How to add a Stripe-like feedback system on your Astro website
Introduction
This is a step by step guide to integrate Feelback with your Astro website. With this guide you will add a feedback system similar to the one included in the Stripe documentation.
At the and of the page each documentation page Stripe asks for a user evaluation:
When the user clicks Yes or No a set of feedback choices will appear.
The form title and the choices are different for the Yes and the No feedback. In addition, for each choice, the user can type an optional message to further detail the feedback.

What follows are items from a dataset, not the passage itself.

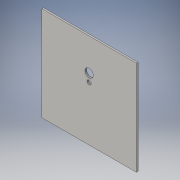
# Autodesk Inventor part: ClawPlate
Saved by Autodesk Inventor 2016 (Build 200138000, 138)
## iProperties
Created: 2016-01-25
Part Number: ClawPlate
Material: Generic
Document SubType Name: Modeling
Designer: Mentor1102
Density: 1 g/cm^3
Appearance: Default
Author: Mentor1102
Autodesk Inventor part; units mm, degrees
ref_plane "YZ Plane" through (0, 0, 0) normal (1, 0, 0) x (0, 1, 0)
ref_plane "XZ Plane" through (0, 0, 0) normal (0, 1, 0) x (-1, 0, 0)
ref_plane "XY Plane" through (0, 0, 0) normal (0, 0, 1) x (1, 0, 0)
sketch "Sketch1" plane through (0, 0, 0) normal (0, 0, 1) x (1, 0, 0)
  line L0 (0, 0) -> (177.8, 0)
  line L1 (177.8, 0) -> (177.8, 177.8)
  line L2 (177.8, 177.8) -> (0, 177.8)
  line L3 (0, 177.8) -> (0, 0)
  dimension "d0" = 177.8
  dimension "d1" = 177.8
  constraints: 8 end point, 2 parallel, 1 horizontal, 1 perpendicular
  measures "d0" distance of L2.end L1.end
  measures "d1" distance of L1.end L0.end
extrude "Extrusion1" add sketch "Sketch1" along normal blind 3.175
sketch "Sketch2" plane through (0, 0, 3.175) normal (0, 0, 1) x (1, 0, 0)
  line L0 (0, 0) -> (177.8, 0) projected
  line L1 (177.8, 0) -> (177.8, 177.8) projected
  line L2 (177.8, 177.8) -> (0, 177.8) construction
  line L3 (0, 177.8) -> (0, 0) projected
  line L4 (177.8, 177.8) -> (0, 177.8) construction
  line L5 (88.9, 177.8) -> (76.2, 177.8) construction
  line L6 (88.9, 177.8) -> (101.6, 177.8) construction
  line L7 (76.2, 177.8) -> (76.2, 127) construction
  line L8 (76.2, 127) -> (101.6, 127) construction
  line L9 (101.6, 177.8) -> (101.6, 127) construction
  line L10 (88.9, 127) -> (88.9, 107.95) construction
  circle A0 centre (88.9, 117.475) radius 9.525 construction
  circle A1 centre (88.9, 117.475) radius 7.874
  dimension "d4" = 12.7
  dimension "d5" = 12.7
  dimension "d6" = 50.8
  dimension "d7" = 19.05
  dimension "d8" = 15.748
  constraints: 12 end point, 3 midpoint, 3 vertical, 2 point on line, 1 centre point, 1 coincident, 1 perpendicular, 1 vertical alignment, 2 other
  measures "d4" distance of L5.start L5.end
  measures "d5" distance of L5.start L6.end
  measures "d6" distance of L5.end L7.end
  measures "d7" distance of L10.start L10.end
  measures "d8" diameter of A1
extrude "Extrusion2" cut sketch "Sketch2" against normal through all
sketch "Sketch3" plane through (0, 0, 3.175) normal (0, 0, 1) x (1, 0, 0)
  circle A0 centre (88.9, 117.475) radius 7.874 projected
  line L0 (0, 0) -> (177.8, 0) projected
  line L1 (177.8, 0) -> (177.8, 177.8) projected
  line L2 (177.8, 177.8) -> (0, 177.8) projected
  line L3 (0, 177.8) -> (0, 0) projected
  circle A1 centre (88.9, 117.475) radius 10.16 construction
  line L4 (88.9, 117.475) -> (88.9, 107.315) construction
  line L5 (88.9, 107.315) -> (88.9, 102.235) construction
  circle A2 centre (88.9, 102.235) radius 3.9116
  dimension "d11" = 20.32
  dimension "d12" = 5.08
  dimension "d13" = 7.8232
  constraints: 4 end point, 2 coincident, 2 vertical, 1 centre point, 1 vertical alignment, 2 other
  measures "d12" distance of L4.end L5.end
  measures "d13" diameter of A2
extrude "Extrusion3" cut sketch "Sketch3" against normal through all contours A2
body "Solid1"

You can read a deep analysis about the Stripe documentation on the article Case study: Stripe documentation feedback system.
Guide goals
In this tutorial you will:
- identify the feedback categories, or Tags, a user can pick
- setup a Feelback project to receive TaggedMessage signals
- install the astro-feelback package into your Astro website
- add the Is this page useful? component on your Astro article footer
- (optional) customize the component style
Step 1: Identify feedback categories
The Stripe feedback system allows the user select a category for the feedback. To incorporate a similar system in your website, first of all, we need to identify all the different feedback categories the user can submit, and pick a unique name for each category.
In this guide, we’ll follow the same categories that Stripe uses.
For the positive feedback:
category | description |
---|---|
accurate | Accurate |
problem-solved | Helped solve my problem |
clear | Easy to understand |
product-chosen | Helped me decide to use the product |
yes-other | Another reason |
For the negative ones:
category | description |
---|---|
inaccurate | Inaccurate |
missing-info | Couldn’t find what I was looking for |
unclear | Hard to understand |
bad-examples | Code samples errors |
no-other | Another reason |
Step 2: Setup the Feelback project
If you don't have already a Feelback account, please signup and create one. It's free and doesn't require a credit card to use.
Access the Feelback panel, and create a project if you don't have any.
You can use your website name.
After that, create a ContentSet which will contain your content and feedbacks you will receive.
Pick the Tagged Message type to enable this content-set to receive categorized feedback message signals.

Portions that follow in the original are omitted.